--- DATA EXCERPTS ---

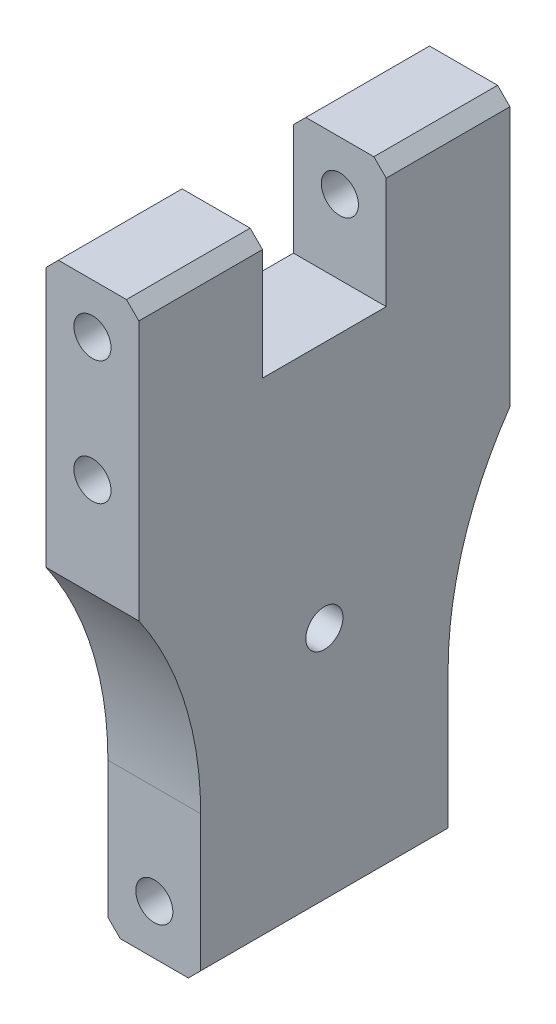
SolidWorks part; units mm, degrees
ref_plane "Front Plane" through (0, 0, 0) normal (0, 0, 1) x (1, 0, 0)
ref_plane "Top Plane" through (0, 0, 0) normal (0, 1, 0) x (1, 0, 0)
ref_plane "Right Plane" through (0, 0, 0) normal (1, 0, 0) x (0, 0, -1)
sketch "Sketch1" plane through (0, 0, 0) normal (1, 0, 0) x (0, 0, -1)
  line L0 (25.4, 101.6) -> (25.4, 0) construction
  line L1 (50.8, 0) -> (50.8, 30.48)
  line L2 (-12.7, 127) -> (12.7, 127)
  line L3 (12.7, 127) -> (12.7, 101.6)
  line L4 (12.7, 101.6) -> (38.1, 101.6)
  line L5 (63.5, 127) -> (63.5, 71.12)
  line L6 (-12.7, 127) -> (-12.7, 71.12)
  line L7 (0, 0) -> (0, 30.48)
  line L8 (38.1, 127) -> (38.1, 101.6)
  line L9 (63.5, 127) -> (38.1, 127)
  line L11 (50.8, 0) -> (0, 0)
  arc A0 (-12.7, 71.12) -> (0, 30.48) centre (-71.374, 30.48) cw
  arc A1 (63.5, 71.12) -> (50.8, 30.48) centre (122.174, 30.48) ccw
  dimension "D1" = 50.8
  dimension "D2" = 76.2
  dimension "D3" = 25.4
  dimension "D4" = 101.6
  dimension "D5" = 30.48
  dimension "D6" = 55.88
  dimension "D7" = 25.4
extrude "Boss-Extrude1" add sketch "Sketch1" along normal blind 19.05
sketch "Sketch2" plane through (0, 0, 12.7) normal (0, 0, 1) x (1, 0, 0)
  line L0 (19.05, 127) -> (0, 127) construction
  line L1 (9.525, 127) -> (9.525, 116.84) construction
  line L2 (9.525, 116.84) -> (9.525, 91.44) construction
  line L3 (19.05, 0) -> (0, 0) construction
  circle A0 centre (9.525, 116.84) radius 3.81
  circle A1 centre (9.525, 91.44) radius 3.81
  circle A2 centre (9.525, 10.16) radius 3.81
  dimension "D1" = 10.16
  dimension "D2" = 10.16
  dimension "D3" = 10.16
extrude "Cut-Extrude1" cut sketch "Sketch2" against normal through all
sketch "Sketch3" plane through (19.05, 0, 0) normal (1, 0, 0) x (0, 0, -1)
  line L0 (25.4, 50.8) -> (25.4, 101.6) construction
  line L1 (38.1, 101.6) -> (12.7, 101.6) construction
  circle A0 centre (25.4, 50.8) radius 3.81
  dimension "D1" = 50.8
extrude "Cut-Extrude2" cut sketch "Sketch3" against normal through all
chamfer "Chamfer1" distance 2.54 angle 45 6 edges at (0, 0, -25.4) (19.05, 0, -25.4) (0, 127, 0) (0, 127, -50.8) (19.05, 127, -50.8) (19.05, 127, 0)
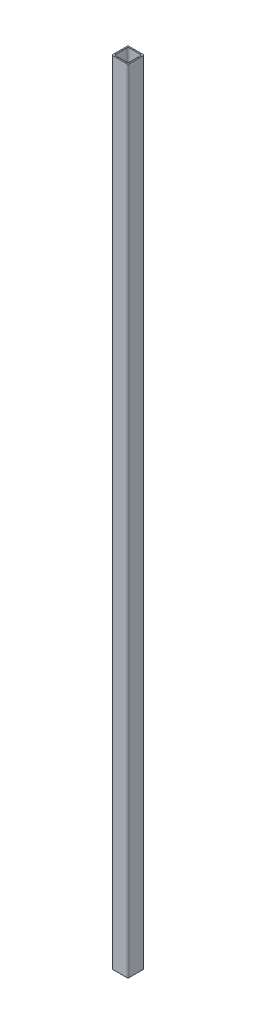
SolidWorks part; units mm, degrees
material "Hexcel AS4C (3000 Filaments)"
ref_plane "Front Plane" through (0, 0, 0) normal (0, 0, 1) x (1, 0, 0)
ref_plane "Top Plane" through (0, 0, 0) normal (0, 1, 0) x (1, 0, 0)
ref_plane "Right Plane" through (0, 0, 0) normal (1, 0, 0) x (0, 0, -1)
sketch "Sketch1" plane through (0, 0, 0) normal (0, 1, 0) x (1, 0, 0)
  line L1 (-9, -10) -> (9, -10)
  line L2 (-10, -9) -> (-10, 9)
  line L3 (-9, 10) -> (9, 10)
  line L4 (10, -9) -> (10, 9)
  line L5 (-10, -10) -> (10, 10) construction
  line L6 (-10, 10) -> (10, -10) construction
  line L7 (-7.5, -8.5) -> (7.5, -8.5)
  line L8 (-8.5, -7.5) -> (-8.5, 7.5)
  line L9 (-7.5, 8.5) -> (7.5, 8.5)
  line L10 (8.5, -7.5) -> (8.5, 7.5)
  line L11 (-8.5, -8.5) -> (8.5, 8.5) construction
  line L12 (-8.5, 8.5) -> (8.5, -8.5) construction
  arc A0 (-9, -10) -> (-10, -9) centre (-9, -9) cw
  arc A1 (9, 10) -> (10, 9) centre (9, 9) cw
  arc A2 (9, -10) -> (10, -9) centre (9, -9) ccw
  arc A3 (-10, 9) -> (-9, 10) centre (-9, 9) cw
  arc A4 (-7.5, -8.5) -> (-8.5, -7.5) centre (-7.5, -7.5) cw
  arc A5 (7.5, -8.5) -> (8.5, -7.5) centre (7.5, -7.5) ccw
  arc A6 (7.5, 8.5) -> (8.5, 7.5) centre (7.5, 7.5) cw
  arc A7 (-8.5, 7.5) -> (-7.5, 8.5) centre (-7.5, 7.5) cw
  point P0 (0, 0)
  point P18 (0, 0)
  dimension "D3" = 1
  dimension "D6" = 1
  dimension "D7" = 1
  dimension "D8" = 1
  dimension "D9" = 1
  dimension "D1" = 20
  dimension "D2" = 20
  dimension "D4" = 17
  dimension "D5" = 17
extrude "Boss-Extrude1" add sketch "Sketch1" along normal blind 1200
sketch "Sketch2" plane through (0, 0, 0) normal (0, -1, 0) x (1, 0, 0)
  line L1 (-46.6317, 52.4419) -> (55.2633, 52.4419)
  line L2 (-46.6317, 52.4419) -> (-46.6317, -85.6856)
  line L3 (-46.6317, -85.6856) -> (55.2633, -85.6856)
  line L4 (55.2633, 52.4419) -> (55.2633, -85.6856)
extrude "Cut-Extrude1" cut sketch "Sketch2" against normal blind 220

---

Go through the material line by line. Show each line that contains the string "against".

extrude "Cut-Extrude1" cut sketch "Sketch2" against normal through all
extrude "Cut-Extrude2" cut sketch "Sketch3" against normal through all
extrude "Cut-Extrude1" cut sketch "Sketch2" against normal blind 220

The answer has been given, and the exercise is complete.